To quantify the causal contribution, we define counter-factual intervened distributions in which some of the syntactic information between the system and its environment is scrambled.
    • Figure 1 has some graphical examples.

    • They give three verbal examples for the scrambling procedure: switching rocks between fields, switching hurricanes between oceans, and switching birds between environments. This section is a little suspect to me; the hurricane and the rock were described as “low viability value of information” when scrambling consisted of putting them in very similar environments, but then the bird was “high viability value of information” when scrambling put them in random environments. Further, the rock and bird were on year timelines, and the hurricane only an hour.
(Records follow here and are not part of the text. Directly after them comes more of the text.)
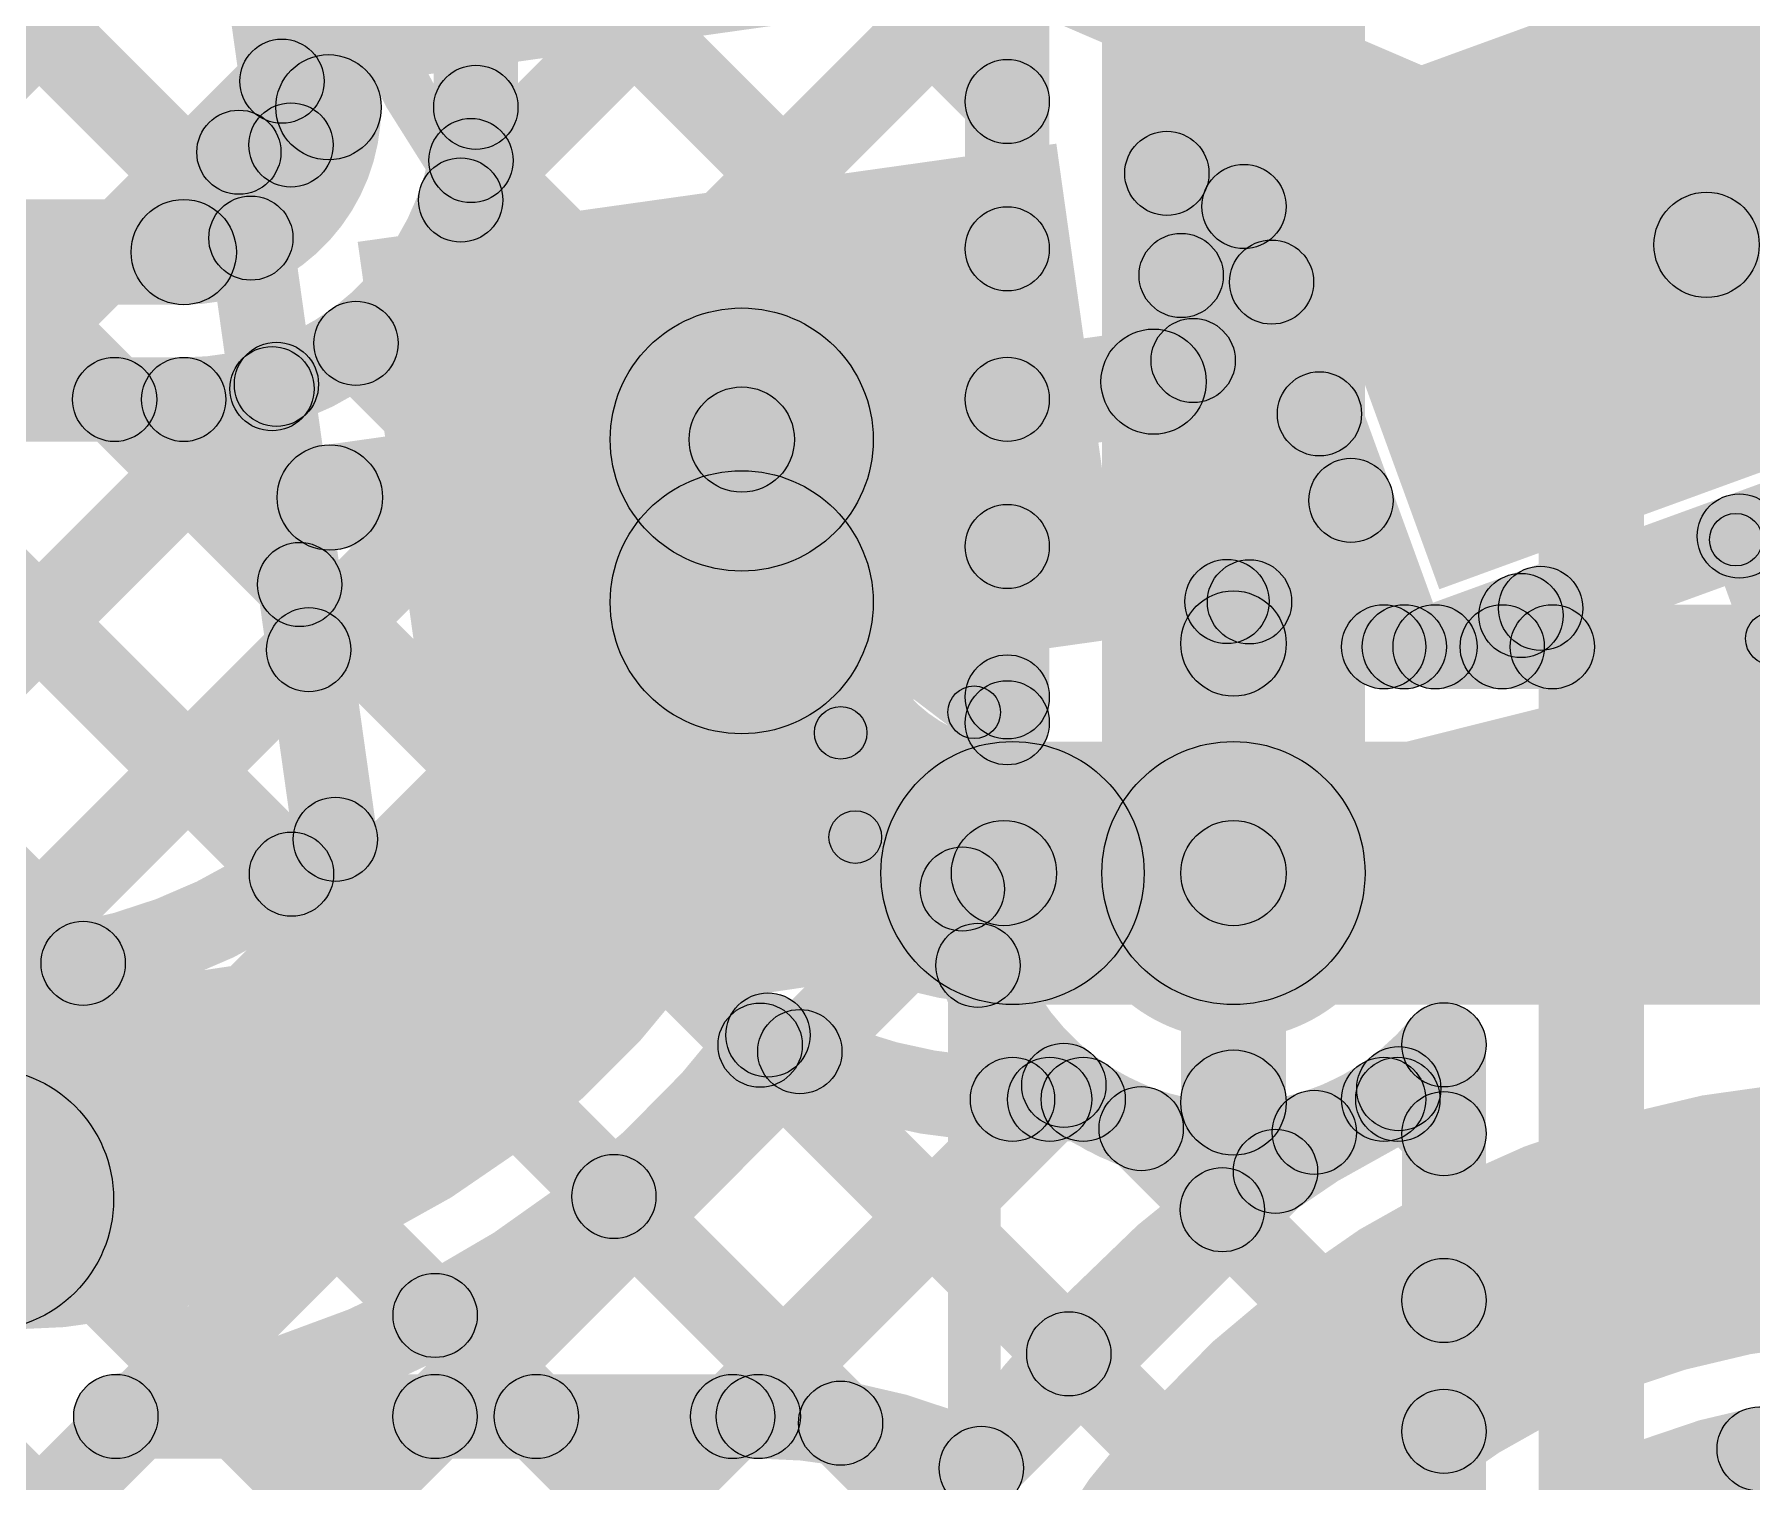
# Model space of a CAD drawing. Header units: millimetres. Extents: x -2.17 to 2.17, y -2.17 to 2.17.
# Drawn here: x 0.144 to 0.3072, y -1.2034 to -1.0659 of the extents above; entities that cross this region are included whole.
import ezdxf

# ---------------------------------------------------------------- set-up
doc = ezdxf.new("R2010")
doc.units = ezdxf.units.MM
doc.header["$MEASUREMENT"] = 0
for name, color, linetype in [('BottomLayer', 5, 'Continuous'), ('BottomOverlay', 54, 'Continuous'), ('BottomSolder', 6, 'Continuous'), ('Mechanical2', 216, 'Continuous'), ('TopLayer', 1, 'Continuous'), ('TopOverlay', 2, 'Continuous'), ('TopPaste', 8, 'Continuous'), ('TopSolder', 216, 'Continuous'), ('ViaHoleLayer', 16, 'Continuous')]:
    doc.layers.add(name, color=color, linetype=linetype)

# ---------------------------------------------------------------- blocks, each defined once
blk = doc.blocks.new('YS_SBZ9032C03R16_B_10')
at = {"layer": 'BottomOverlay'}
blk.add_hatch(color=54, dxfattribs=at).paths.add_polyline_path([(0.10014, 0.23264), (0.10514, 0.23264), (0.10514, 0.14772), (0.10014, 0.14772)])
h = blk.add_hatch(color=54, dxfattribs=at)
edge = h.paths.add_edge_path()
edge.add_arc((0.10264, 0.14772), 0.0025, 0, 360)
h = blk.add_hatch(color=54, dxfattribs=at)
edge = h.paths.add_edge_path()
edge.add_arc((0.10264, 0.14772), 0.0025, 0, 360)
at = {"layer": 'BottomOverlay', "const_width": 0.005}
blk.add_lwpolyline([(0.10264, 0.14772, -0.180194), (0.17427, 0.04458)], format="xyb", dxfattribs=at)
at = {"layer": 'BottomOverlay'}
blk.add_circle((0.10264, 0.14772), 0.0025, dxfattribs=at)
blk.add_circle((0.10264, 0.14772), 0.0025, dxfattribs=at)
blk = doc.blocks.new('WS2812B_M____223')
at = {"layer": 'TopLayer'}
for points in [[(0.03504, 0.05079), (0.09409, 0.05079), (0.09409, 0.01142), (0.03504, 0.01142)], [(0.03504, -0.01142), (0.09409, -0.01142), (0.09409, -0.05079), (0.03504, -0.05079)]]:
    blk.add_hatch(color=1, dxfattribs=at).paths.add_polyline_path(points)
at = {"layer": 'TopOverlay'}
h = blk.add_hatch(color=2, dxfattribs=at)
edge = h.paths.add_edge_path()
edge.add_arc((0.07, -0.06), 0.0025, 0, 360)
for points in [[(0.0675, -0.06), (0.0725, -0.06), (0.0725, -0.07), (0.0675, -0.07)], [(-0.07, -0.0725), (-0.07, -0.0675), (0.07, -0.0675), (0.07, -0.0725)]]:
    blk.add_hatch(color=2, dxfattribs=at).paths.add_polyline_path(points)
h = blk.add_hatch(color=2, dxfattribs=at)
edge = h.paths.add_edge_path()
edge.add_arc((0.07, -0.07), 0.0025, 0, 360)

This might just be sloppy explanation. In the main, I would expect the lifespan of a system to be inversely correlated with viability value of information overall, so I would have thought hurricane>bird>rock.

    • They use ‘coarse-graining’ methods from information theory to formalize transforming the actual distribution into intervened distributions.

    • The intervention which has the same (or greater?) viability as the actual distribution, but has the least syntactical information, is called the viability-optimal intervention.

    • They interpret all of the syntactic information of the optimal intervention to be semantic information, because any further scrambling changes the viability.

    • Semantic efficiency is the ratio of semantic to syntactic information. It quantifies how tuned the system is to only gather information relevant to its existence.

    • Semantic content of a system state x is the conditional distribution, under the optimal intervention, given state x. This can tell us the correlations relevant to maintaining the system.

    • They claim to be able to do point-wise semantic information as well.

    • The framework is not tied to the Shannon notion of syntactic information; from different measures of syntactic information they can derive appropriate measures of semantic information, e.g. thermodynamics through statistical physics.

    • Measures of semantic information are defined relative to the choice of:

(1) the particular division of the physical world into ‘the system’ and ‘the environment’;
(2) the timescale τ; and
(3) the initial probability distribution over the system and environment.
    • They suggest implications for an intrinsic definition of autonomous agency.

  • 2. Non-equilibrium statistical physics: Body—skipped for now.

  • 3. Preliminaries and physical set-up: Body—skipped for now.

  • 4. The viability function: Body—mostly skipped, but I did go in to find the actual function:

    • define the viability function as the negative of the Shannon entropy of the marginal distribution of system x at time τ,

  • 5. Semantic information via interventions: Body—skipped for now.

  • 6. Automatic identification of initial distributions, timescales and decompositions of interest: Body—skipped for now.

  • 7. Conclusion and discussion

    • Semantic information is syntactic information that is causally necessary for the system to continue.

    • It can be stored (mutual information between system and environment) and observed (transfer entropy exchanged between system and environment).

    • Semantic information can misrepresent the world. This shows up as a negative viability value.

    • Semantic information is asymmetrical between system and environment.

    • No need to decompose the system into different degrees of freedom (sensors/​effectors, body/​brain, membrane/​interior).

    • Side-steps the question of internal models or representations entirely.

    • The framework does not assume organisms, but it may be useful for offering quantitative and formal definitions of life.

    • They suggest that high semantic information may be a necessary, though not sufficient, condition for being alive.

Note: I have left the links below for completeness, and to make it easy to interrogate the funding/​associations of the authors. The appendices have some examples they develop.

End: I am putting this up before delving into the body sections in any detail, not least for length and readability. If there is interest, I can summarize those in the comments.